Moving on from Project-on-Demand, I discovered yet another free thick-client MS Project replacement tool: OpenWorkbench. If I understand the ecosystem on this one, it looks like CA put this thing in the open source space to give users a reason to consider their higher end enterprise portfolio management and IT governance tools which OpenWorkbench is integrated with. I did install the free client and it seems extremely robust and easily a MS Project alternative. But I was looking for a SaaS solution so I didn't play with it very long. FYI - I exported the project I created in Project-on-Demand in XML and successfully imported it into OpenWorkbench - a credit to both tools and standards!

Disturbed by the lack of auto-scheduling in Project-on-Demand, I next tested another SaaS tool called LiquidPlanner. This one is getting some great reviews because it uses date ranges to auto-schedule and provides estimated completion dates in probabilities instead of specifics. I must admit there is much elegance in this thinking and the tool has promise. But, loaded with less than 50 tasks made performance absolutely unbearable. It seems like it tries to recalculate a schedule anytime you do anything so trying to set up a plan was just painfully slow. I kept trying to find a way to turn the auto-scheduling feature off so I could get the basic plan entered first, but couldn't figure out how and had to give it up.

I was about ready to just accept Basecamp as my least-worse alternative, when I came across TeamWork Live. Ten minutes later, I realized I had found it. Their tag-line is easy and effective project collaboration and that is not false advertising. The user interface is so simple, it requires practically no training. The performance is good enough and even great for some functions. I wish they had an import function, but adding tasks was reasonably fast. There is a special feature for changing the owner or target date for all tasks at one time. My project team loves it so far. It s easy to see what you need to do and what others are doing. There are a couple of other limitations: It doesn't have issue tracking and doesn’t allow for sub-tasks or multiple resources per task. You can organize tasks within milestones which gives the effect of a two-level WBS capability (good enough for my needs right now). The email alerts are excellent. In fact, you can reply to the email alert and do most things without actually signing into the tool (a handy feature to us Blackberry users).

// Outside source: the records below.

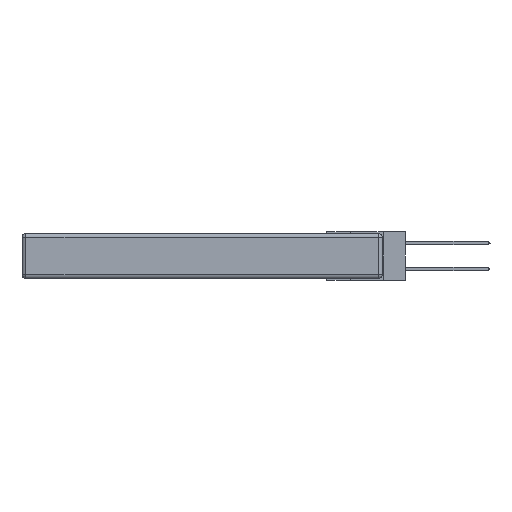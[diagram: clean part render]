
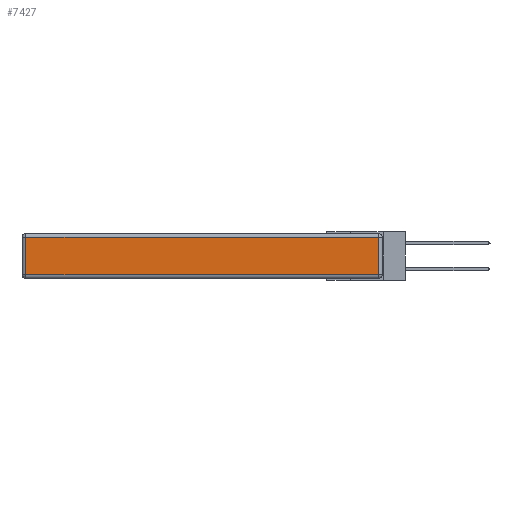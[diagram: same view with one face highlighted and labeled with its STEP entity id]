
A CAD part, left-side view. The second image highlights one B-rep face of the part: STEP entity #7427.
In plain terms, the highlighted planar face has unit normal (-1, 0, 0).
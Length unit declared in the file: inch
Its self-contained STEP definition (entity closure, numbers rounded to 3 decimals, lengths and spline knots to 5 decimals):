
#866 = EDGE_CURVE ( 'NONE', #31589, #21687, #12658, .T. ) ;
#1670 = EDGE_CURVE ( 'NONE', #21687, #18738, #3612, .T. ) ;
#2543 = VECTOR ( 'NONE', #14095, 39.37008 ) ;
#2564 = FACE_OUTER_BOUND ( 'NONE', #31878, .T. ) ;
#2704 = DIRECTION ( 'NONE',  ( 0., 1., 0. ) ) ;
#3612 = LINE ( 'NONE', #10839, #31956 ) ;
#3920 = CARTESIAN_POINT ( 'NONE',  ( 0., 0.03, -0.343 ) ) ;
#4186 = CARTESIAN_POINT ( 'NONE',  ( 0., 0., -0.343 ) ) ;
#4453 = LINE ( 'NONE', #7413, #18156 ) ;
#7413 = CARTESIAN_POINT ( 'NONE',  ( 0., 2.72, -0.343 ) ) ;
#7427 = ADVANCED_FACE ( 'NONE', ( #2564 ), #15448, .T. ) ;
#7906 = VERTEX_POINT ( 'NONE', #9547 ) ;
#9547 = CARTESIAN_POINT ( 'NONE',  ( 0., 2.72, -0.313 ) ) ;
#10839 = CARTESIAN_POINT ( 'NONE',  ( 0., 2.75, -0.03 ) ) ;
#12591 = DIRECTION ( 'NONE',  ( 0., 0., 1. ) ) ;
#12658 = LINE ( 'NONE', #3920, #18659 ) ;
#14095 = DIRECTION ( 'NONE',  ( 0., -1., 0. ) ) ;
#15216 = DIRECTION ( 'NONE',  ( 0., 0., -1. ) ) ;
#15448 = PLANE ( 'NONE',  #20875 ) ;
#15838 = CARTESIAN_POINT ( 'NONE',  ( 0., 0.03, -0.03 ) ) ;
#15932 = ORIENTED_EDGE ( 'NONE', *, *, #26850, .T. ) ;
#18156 = VECTOR ( 'NONE', #15216, 39.37008 ) ;
#18659 = VECTOR ( 'NONE', #28755, 39.37008 ) ;
#18738 = VERTEX_POINT ( 'NONE', #31265 ) ;
#20868 = ORIENTED_EDGE ( 'NONE', *, *, #866, .T. ) ;
#20875 = AXIS2_PLACEMENT_3D ( 'NONE', #4186, #34461, #12591 ) ;
#21405 = LINE ( 'NONE', #25253, #2543 ) ;
#21687 = VERTEX_POINT ( 'NONE', #15838 ) ;
#25253 = CARTESIAN_POINT ( 'NONE',  ( 0., 0., -0.313 ) ) ;
#26850 = EDGE_CURVE ( 'NONE', #18738, #7906, #4453, .T. ) ;
#28755 = DIRECTION ( 'NONE',  ( 0., 0., 1. ) ) ;
#28988 = ORIENTED_EDGE ( 'NONE', *, *, #1670, .T. ) ;
#30591 = CARTESIAN_POINT ( 'NONE',  ( 0., 0.03, -0.313 ) ) ;
#31265 = CARTESIAN_POINT ( 'NONE',  ( 0., 2.72, -0.03 ) ) ;
#31589 = VERTEX_POINT ( 'NONE', #30591 ) ;
#31878 = EDGE_LOOP ( 'NONE', ( #35455, #20868, #28988, #15932 ) ) ;
#31956 = VECTOR ( 'NONE', #2704, 39.37008 ) ;
#33586 = EDGE_CURVE ( 'NONE', #7906, #31589, #21405, .T. ) ;
#34461 = DIRECTION ( 'NONE',  ( -1., 0., 0. ) ) ;
#35455 = ORIENTED_EDGE ( 'NONE', *, *, #33586, .T. ) ;
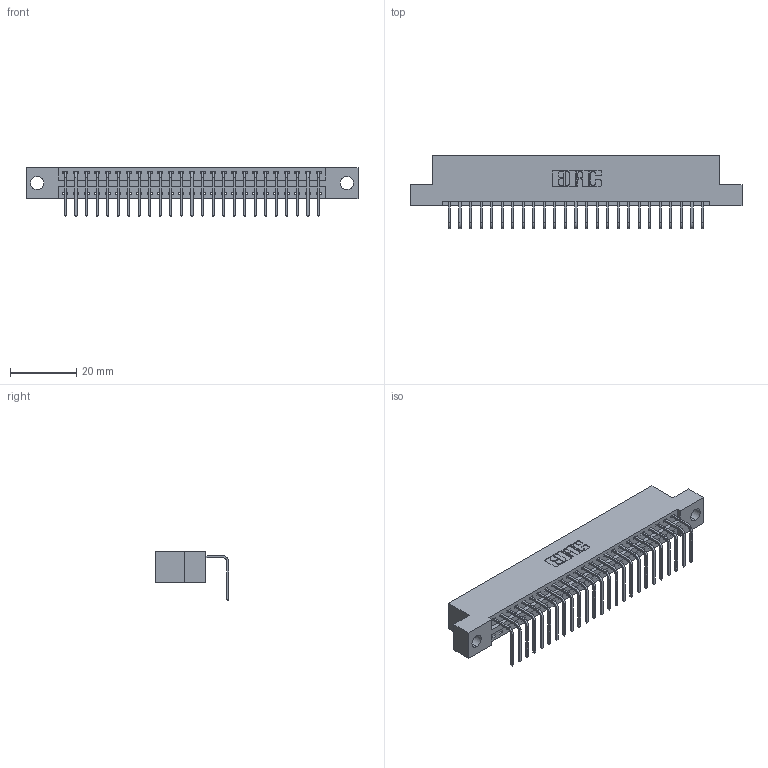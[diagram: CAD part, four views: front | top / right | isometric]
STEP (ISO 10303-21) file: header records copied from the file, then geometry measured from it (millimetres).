
FILE_DESCRIPTION (( 'STEP AP203' ), '1' );
FILE_NAME ('346-025-558-104.STEP', '2022-05-06T01:22:17', ( '' ), ( '' ), 'SwSTEP 2.0', 'SolidWorks 2020', '' );
FILE_SCHEMA (( 'CONFIG_CONTROL_DESIGN' ));
Length unit declared in the file: inch
Products named in the file (3): 346 Part_Flush Mounting Lugs - 0.156 Dia-TH; 346-025-558-104; 345-292-001_558 Tail - 2
Assembly tree (26 placements, depth 2):
  346-025-558-104
    346 Part_Flush Mounting Lugs - 0.156 Dia-TH
    345-292-001_558 Tail - 2  x25
Bounding box: 99.95 x 22.16 x 14.73 mm (x, y, z)
Volume: 9427.5 mm3; surface area: 11933.9 mm2
Topology: 26 solids, 26 shells, 1636 faces, 4915 edges, 3242 vertices
Faces by surface type: plane 1140, cylinder 496
Entity records: 18307 total; most frequent: CARTESIAN_POINT 3153, ORIENTED_EDGE 3110, DIRECTION 2801, EDGE_CURVE 1555, VECTOR 1323, LINE 1323, VERTEX_POINT 1034, AXIS2_PLACEMENT_3D 739

The thing I like most about TeamWork is that they didn't just try to replace MS Project in the SaaS space. Instead, they appear to have given a lot of thought about what kind of tool would help a group of professional people who are trying to work together to achieve a common objective. It doesn't try to give some sort of project manager authoritarian the ability to determine the most efficient work load of subordinates. Instead, it allows a team to divide-and-conquer work with clear accountability, clear visibility, and assumes that professional people will manage their time effectively as long as they have a shared perception of what the priorities are. This is a great example of how collaboration and Web 2.0 changes things.

Are the days of the large monolithic project plan as the key management device of a single user called a Project Manager over? Maybe not for all projects, but I tend to think so for projects that are a real collaboration of professional people who are capable and empowered to manage their time effectively.